ADR 0002 - Barge-In

ADR 0002: Barge-in (Interrupt TTS When User Starts Speaking)¶

Date: 2026-01-23
Status: Accepted (phased)

Amendment (2026-02-04): Phase 1 shipped with an explicit stop mode (stop-phrase barge-in without AEC) and a stricter wait mode (pause mic processing during TTS). The sections below reflect current behavior and implementation.

Context / Problem¶

We want a natural conversation: while the assistant is speaking, the user can start speaking and the assistant stops immediately (“barge-in”).

The hard part is that the microphone hears: - user speech (desired) - the assistant audio coming from the speakers (echo/feedback)

Without echo cancellation, VAD/STT will often detect the assistant’s own voice and self-interrupt.

Investigation (Jan 2026)¶

There are open-source acoustic echo cancellation (AEC) options (WebRTC APM, SpeexDSP), and Python bindings exist, but:

Many require compilation toolchains, have limited platform wheels, or introduce install friction.
Some are Linux/macOS only in practice (wheel availability varies).

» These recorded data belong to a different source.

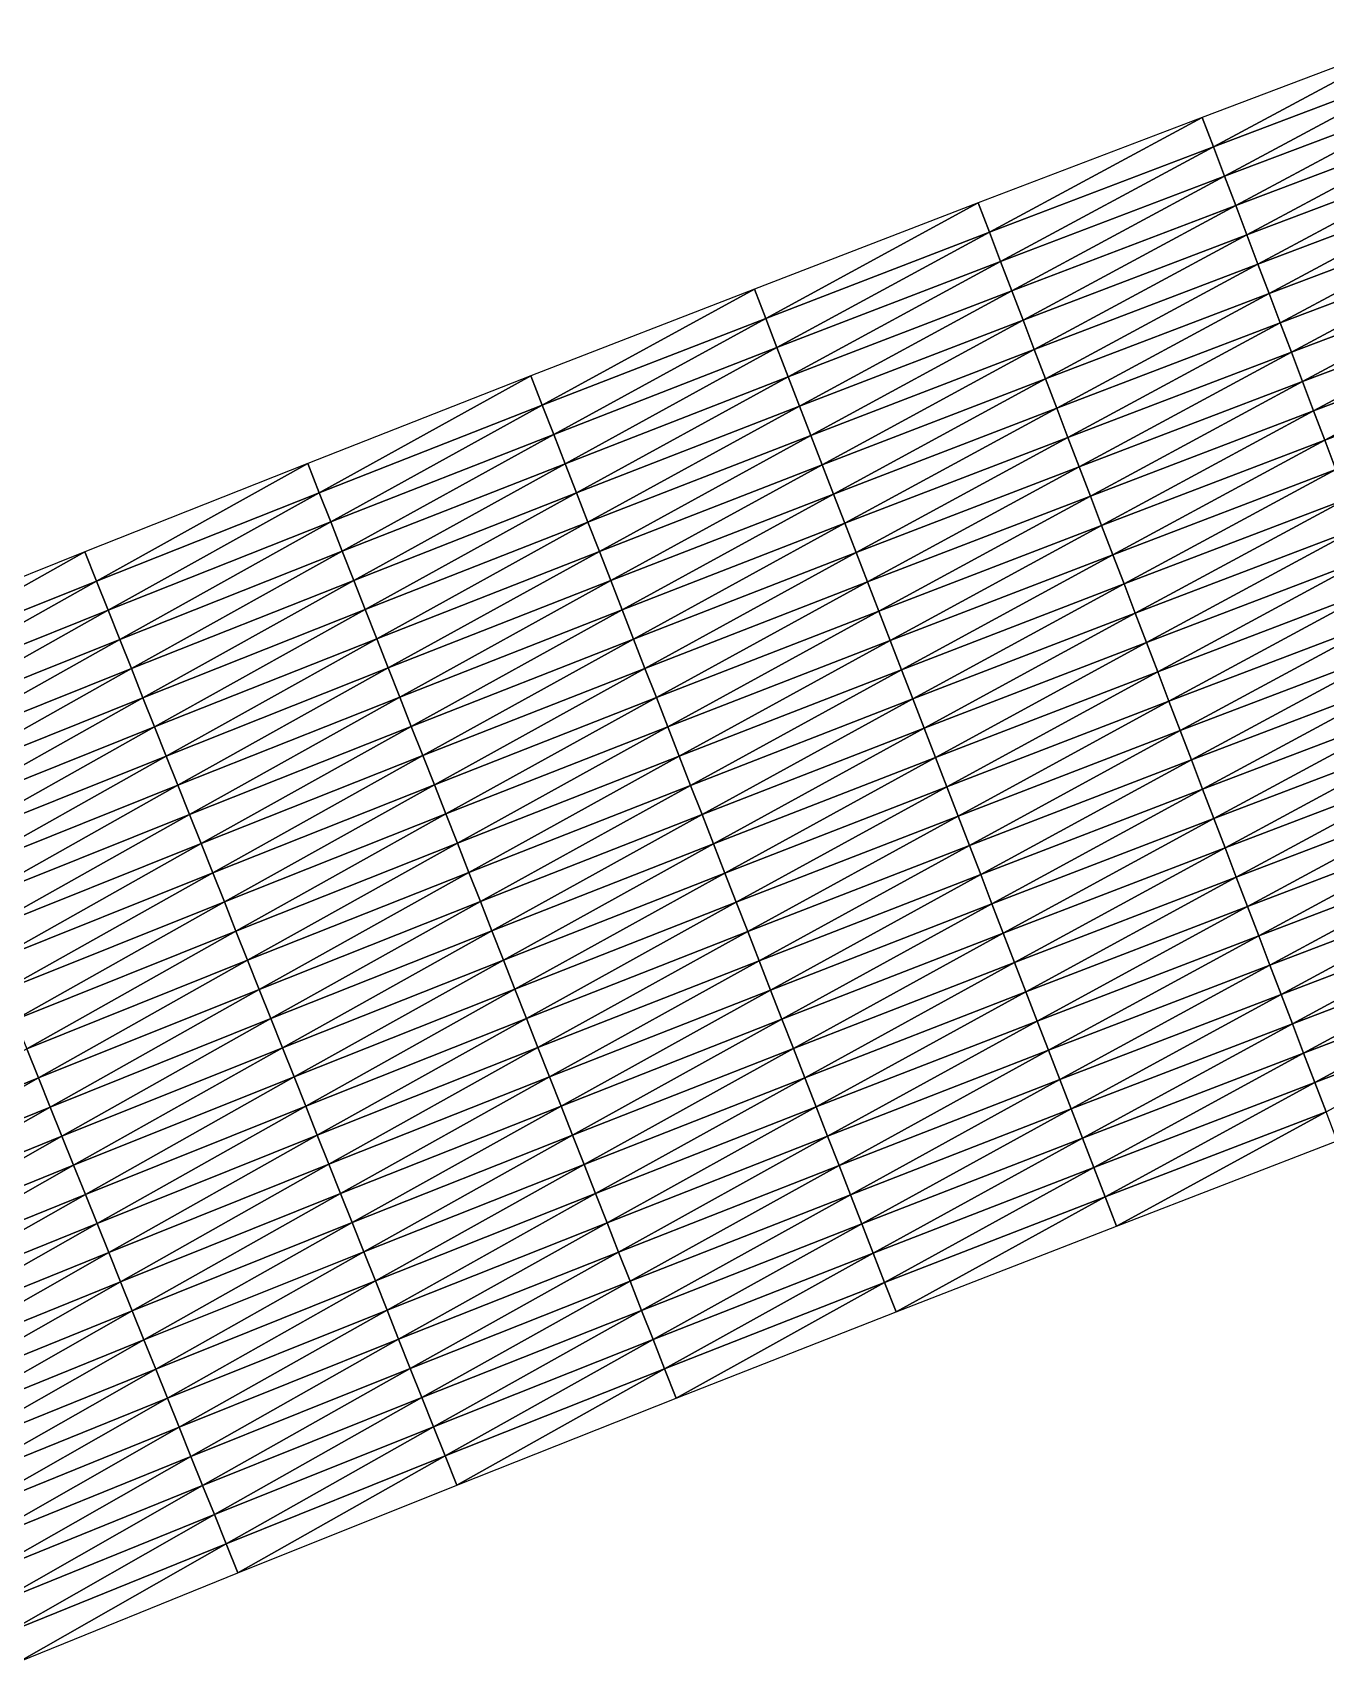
# Model space of a CAD drawing. Header units: metres. Extents: x 479979 to 482619, y 6959976 to 6961524.
# Drawn here: x 480969.4 to 481051.8, y 6960593.7 to 6960697.5 of the extents above; entities that cross this region are included whole.
import ezdxf

# ---------------------------------------------------------------- set-up
doc = ezdxf.new("R2010")
doc.units = ezdxf.units.M

msp = doc.modelspace()

# ---------------------------------------------------------------- linework, layer by layer
at = {"layer": 'GENERAL_FILL_TOP'}
for points in [[(481044.649, 6960690.224, 8.067), (481058.243, 6960697.499, 8.001), (481043.94, 6960692.093, 8.073)], [(481044.649, 6960690.224, 8.067), (481058.948, 6960695.627, 7.994), (481058.243, 6960697.499, 8.001)], [(481045.359, 6960688.354, 8.06), (481058.948, 6960695.627, 7.994), (481044.649, 6960690.224, 8.067)], [(481045.359, 6960688.354, 8.06), (481059.652, 6960693.755, 7.988), (481058.948, 6960695.627, 7.994)], [(481046.069, 6960686.484, 8.054), (481059.652, 6960693.755, 7.988), (481045.359, 6960688.354, 8.06)], [(481046.069, 6960686.484, 8.054), (481060.356, 6960691.883, 7.981), (481059.652, 6960693.755, 7.988)], [(481030.369, 6960684.779, 8.139), (481043.94, 6960692.093, 8.073), (481029.654, 6960686.647, 8.146)], [(481030.369, 6960684.779, 8.139), (481044.649, 6960690.224, 8.067), (481043.94, 6960692.093, 8.073)], [(481046.778, 6960684.614, 8.047), (481060.356, 6960691.883, 7.981), (481046.069, 6960686.484, 8.054)], [(481046.778, 6960684.614, 8.047), (481061.061, 6960690.011, 7.974), (481060.356, 6960691.883, 7.981)], [(481031.084, 6960682.911, 8.133), (481044.649, 6960690.224, 8.067), (481030.369, 6960684.779, 8.139)], [(481031.084, 6960682.911, 8.133), (481045.359, 6960688.354, 8.06), (481044.649, 6960690.224, 8.067)], [(481047.488, 6960682.744, 8.04), (481061.061, 6960690.011, 7.974), (481046.778, 6960684.614, 8.047)], [(481047.488, 6960682.744, 8.04), (481061.765, 6960688.14, 7.968), (481061.061, 6960690.011, 7.974)], [(481031.8, 6960681.044, 8.126), (481045.359, 6960688.354, 8.06), (481031.084, 6960682.911, 8.133)], [(481031.8, 6960681.044, 8.126), (481046.069, 6960686.484, 8.054), (481045.359, 6960688.354, 8.06)], [(481048.198, 6960680.874, 8.034), (481061.765, 6960688.14, 7.968), (481047.488, 6960682.744, 8.04)], [(481048.198, 6960680.874, 8.034), (481062.47, 6960686.268, 7.961), (481061.765, 6960688.14, 7.968)], [(481016.108, 6960679.291, 8.212), (481029.654, 6960686.647, 8.146), (481015.387, 6960681.157, 8.219)], [(481016.108, 6960679.291, 8.212), (481030.369, 6960684.779, 8.139), (481029.654, 6960686.647, 8.146)], [(481032.515, 6960679.176, 8.12), (481046.069, 6960686.484, 8.054), (481031.8, 6960681.044, 8.126)], [(481032.515, 6960679.176, 8.12), (481046.778, 6960684.614, 8.047), (481046.069, 6960686.484, 8.054)], [(481048.907, 6960679.004, 8.027), (481062.47, 6960686.268, 7.961), (481048.198, 6960680.874, 8.034)], [(481048.907, 6960679.004, 8.027), (481063.174, 6960684.396, 7.955), (481062.47, 6960686.268, 7.961)], [(481016.829, 6960677.426, 8.206), (481030.369, 6960684.779, 8.139), (481016.108, 6960679.291, 8.212)], [(481016.829, 6960677.426, 8.206), (481031.084, 6960682.911, 8.133), (481030.369, 6960684.779, 8.139)], [(481033.23, 6960677.308, 8.113), (481046.778, 6960684.614, 8.047), (481032.515, 6960679.176, 8.12)], [(481033.23, 6960677.308, 8.113), (481047.488, 6960682.744, 8.04), (481046.778, 6960684.614, 8.047)], [(481049.617, 6960677.135, 8.222), (481063.174, 6960684.396, 7.955), (481048.907, 6960679.004, 8.027)], [(481049.617, 6960677.135, 8.222), (481063.878, 6960682.524, 8.179), (481063.174, 6960684.396, 7.955)], [(481017.551, 6960675.561, 8.199), (481031.084, 6960682.911, 8.133), (481016.829, 6960677.426, 8.206)], [(481017.551, 6960675.561, 8.199), (481031.8, 6960681.044, 8.126), (481031.084, 6960682.911, 8.133)], [(481033.946, 6960675.441, 8.107), (481047.488, 6960682.744, 8.04), (481033.23, 6960677.308, 8.113)], [(481033.946, 6960675.441, 8.107), (481048.198, 6960680.874, 8.034), (481047.488, 6960682.744, 8.04)], [(481050.327, 6960675.265, 8.742), (481063.878, 6960682.524, 8.179), (481049.617, 6960677.135, 8.222)], [(481050.327, 6960675.265, 8.742), (481064.583, 6960680.652, 8.699), (481063.878, 6960682.524, 8.179)], [(481001.868, 6960673.758, 8.285), (481015.387, 6960681.157, 8.219), (481001.141, 6960675.621, 8.292)], [(481001.868, 6960673.758, 8.285), (481016.108, 6960679.291, 8.212), (481015.387, 6960681.157, 8.219)], [(481018.272, 6960673.695, 8.192), (481031.8, 6960681.044, 8.126), (481017.551, 6960675.561, 8.199)], [(481018.272, 6960673.695, 8.192), (481032.515, 6960679.176, 8.12), (481031.8, 6960681.044, 8.126)], [(481034.661, 6960673.573, 8.1), (481048.198, 6960680.874, 8.034), (481033.946, 6960675.441, 8.107)], [(481034.661, 6960673.573, 8.1), (481048.907, 6960679.004, 8.027), (481048.198, 6960680.874, 8.034)], [(481051.037, 6960673.395, 8.782), (481064.583, 6960680.652, 8.699), (481050.327, 6960675.265, 8.742)], [(481051.037, 6960673.395, 8.782), (481065.287, 6960678.78, 8.739), (481064.583, 6960680.652, 8.699)], [(481002.596, 6960671.895, 8.278), (481016.108, 6960679.291, 8.212), (481001.868, 6960673.758, 8.285)], [(481002.596, 6960671.895, 8.278), (481016.829, 6960677.426, 8.206), (481016.108, 6960679.291, 8.212)], [(481018.993, 6960671.83, 8.186), (481032.515, 6960679.176, 8.12), (481018.272, 6960673.695, 8.192)], [(481018.993, 6960671.83, 8.186), (481033.23, 6960677.308, 8.113), (481032.515, 6960679.176, 8.12)], [(481035.376, 6960671.705, 8.268), (481048.907, 6960679.004, 8.027), (481034.661, 6960673.573, 8.1)], [(481035.376, 6960671.705, 8.268), (481049.617, 6960677.135, 8.222), (481048.907, 6960679.004, 8.027)], [(481051.746, 6960671.525, 8.822), (481065.287, 6960678.78, 8.739), (481051.037, 6960673.395, 8.782)], [(481051.746, 6960671.525, 8.822), (481065.991, 6960676.908, 8.779), (481065.287, 6960678.78, 8.739)], [(481003.323, 6960670.032, 8.272), (481016.829, 6960677.426, 8.206), (481002.596, 6960671.895, 8.278)], [(481003.323, 6960670.032, 8.272), (481017.551, 6960675.561, 8.199), (481016.829, 6960677.426, 8.206)], [(481019.715, 6960669.964, 8.179), (481033.23, 6960677.308, 8.113), (481018.993, 6960671.83, 8.186)], [(481019.715, 6960669.964, 8.179), (481033.946, 6960675.441, 8.107), (481033.23, 6960677.308, 8.113)], [(481036.092, 6960669.837, 8.788), (481049.617, 6960677.135, 8.222), (481035.376, 6960671.705, 8.268)], [(481036.092, 6960669.837, 8.788), (481050.327, 6960675.265, 8.742), (481049.617, 6960677.135, 8.222)], [(481052.456, 6960669.655, 8.862), (481065.991, 6960676.908, 8.779), (481051.746, 6960671.525, 8.822)], [(480987.65, 6960668.178, 8.358), (481001.141, 6960675.621, 8.292), (480986.916, 6960670.039, 8.364)], [(480987.65, 6960668.178, 8.358), (481001.868, 6960673.758, 8.285), (481001.141, 6960675.621, 8.292)], [(481004.051, 6960668.169, 8.265), (481017.551, 6960675.561, 8.199), (481003.323, 6960670.032, 8.272)], [(481004.051, 6960668.169, 8.265), (481018.272, 6960673.695, 8.192), (481017.551, 6960675.561, 8.199)], [(481020.436, 6960668.099, 8.173), (481033.946, 6960675.441, 8.107), (481019.715, 6960669.964, 8.179)], [(481020.436, 6960668.099, 8.173), (481034.661, 6960673.573, 8.1), (481033.946, 6960675.441, 8.107)], [(481036.807, 6960667.97, 8.828), (481050.327, 6960675.265, 8.742), (481036.092, 6960669.837, 8.788)], [(481036.807, 6960667.97, 8.828), (481051.037, 6960673.395, 8.782), (481050.327, 6960675.265, 8.742)], [(480988.384, 6960666.318, 8.351), (481001.868, 6960673.758, 8.285), (480987.65, 6960668.178, 8.358)], [(480988.384, 6960666.318, 8.351), (481002.596, 6960671.895, 8.278), (481001.868, 6960673.758, 8.285)], [(481004.778, 6960666.306, 8.259), (481018.272, 6960673.695, 8.192), (481004.051, 6960668.169, 8.265)], [(481004.778, 6960666.306, 8.259), (481018.993, 6960671.83, 8.186), (481018.272, 6960673.695, 8.192)], [(481021.157, 6960666.233, 8.316), (481034.661, 6960673.573, 8.1), (481020.436, 6960668.099, 8.173)], [(481021.157, 6960666.233, 8.316), (481035.376, 6960671.705, 8.268), (481034.661, 6960673.573, 8.1)], [(481037.522, 6960666.102, 8.868), (481051.037, 6960673.395, 8.782), (481036.807, 6960667.97, 8.828)], [(481037.522, 6960666.102, 8.868), (481051.746, 6960671.525, 8.822), (481051.037, 6960673.395, 8.782)], [(480989.118, 6960664.457, 8.344), (481002.596, 6960671.895, 8.278), (480988.384, 6960666.318, 8.351)], [(480989.118, 6960664.457, 8.344), (481003.323, 6960670.032, 8.272), (481002.596, 6960671.895, 8.278)], [(481005.506, 6960664.443, 8.252), (481018.993, 6960671.83, 8.186), (481004.778, 6960666.306, 8.259)], [(481005.506, 6960664.443, 8.252), (481019.715, 6960669.964, 8.179), (481018.993, 6960671.83, 8.186)], [(481021.878, 6960664.368, 8.836), (481035.376, 6960671.705, 8.268), (481021.157, 6960666.233, 8.316)], [(481021.878, 6960664.368, 8.836), (481036.092, 6960669.837, 8.788), (481035.376, 6960671.705, 8.268)], [(481038.238, 6960664.234, 8.908), (481051.746, 6960671.525, 8.822), (481037.522, 6960666.102, 8.868)], [(481038.238, 6960664.234, 8.908), (481052.456, 6960669.655, 8.862), (481051.746, 6960671.525, 8.822)], [(480973.456, 6960662.549, 8.43), (480986.916, 6960670.039, 8.364), (480972.715, 6960664.407, 8.437)], [(480973.456, 6960662.549, 8.43), (480987.65, 6960668.178, 8.358), (480986.916, 6960670.039, 8.364)], [(480989.852, 6960662.597, 8.338), (481003.323, 6960670.032, 8.272), (480989.118, 6960664.457, 8.344)], [(480989.852, 6960662.597, 8.338), (481004.051, 6960668.169, 8.265), (481003.323, 6960670.032, 8.272)], [(481006.233, 6960662.58, 8.245), (481019.715, 6960669.964, 8.179), (481005.506, 6960664.443, 8.252)], [(481006.233, 6960662.58, 8.245), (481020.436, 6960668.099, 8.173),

This conflicts with our core constraint: easy pip install on Windows/macOS/Linux.

Decision¶

Phase 1 (default, out-of-box)¶

We support “interactive discussion” with voice modes that are robust without AEC, plus a stop phrase:

wait mode (turn-taking): pause mic processing during TTS playback. This is the most robust way to avoid self-interruption on speakers, but it means there is no voice barge-in (and no stop-phrase detection) while audio is playing.
stop mode (recommended on speakers): keep mic processing running, but during TTS:
suppress normal transcriptions
disable “interrupt on any speech”
keep a rolling stop-phrase detector active so the user can still say “ok stop” / “okay stop” to cut playback
full mode (barge-in by speech): keep listening and allow barge-in by detected speech. Best with AEC or a headset; on speakers, echo can still cause false barge-in (mitigated by heuristics).
Stop phrase interruption (available while listening): saying “ok stop” / “okay stop” stops TTS playback without requiring echo cancellation. A conservative bare “stop” is supported but requires confirmation to reduce false hits.

Rationale: without AEC, “interrupt on any speech” is unreliable because the mic hears the assistant audio too. A stop phrase is robust and works everywhere.

Phase 2 (optional advanced barge-in)¶

Add optional barge-in via AEC as an extra (opt-in dependency group), if and only if: - it is MIT/Apache/BSD licensed - it has reliable wheels for the major platforms, or we accept it as “advanced”

Candidate packages to re-evaluate: - WebRTC audio processing AEC bindings (PyPI packages emerging in 2025) - SpeexDSP AEC bindings

Best simulation when AEC is not available¶

If we cannot reliably deploy AEC out-of-box, the best “natural” simulation is:

default to a non-self-interrupting mode (wait/stop, depending on UX needs)
allow instant user control via:
REPL /stop, /pause, /resume
optional keyboard push-to-talk / push-to-stop

And (only if we can do it robustly) add an “echo-aware VAD” heuristic in the future (correlation against recently played audio) to approximate barge-in without heavy deps.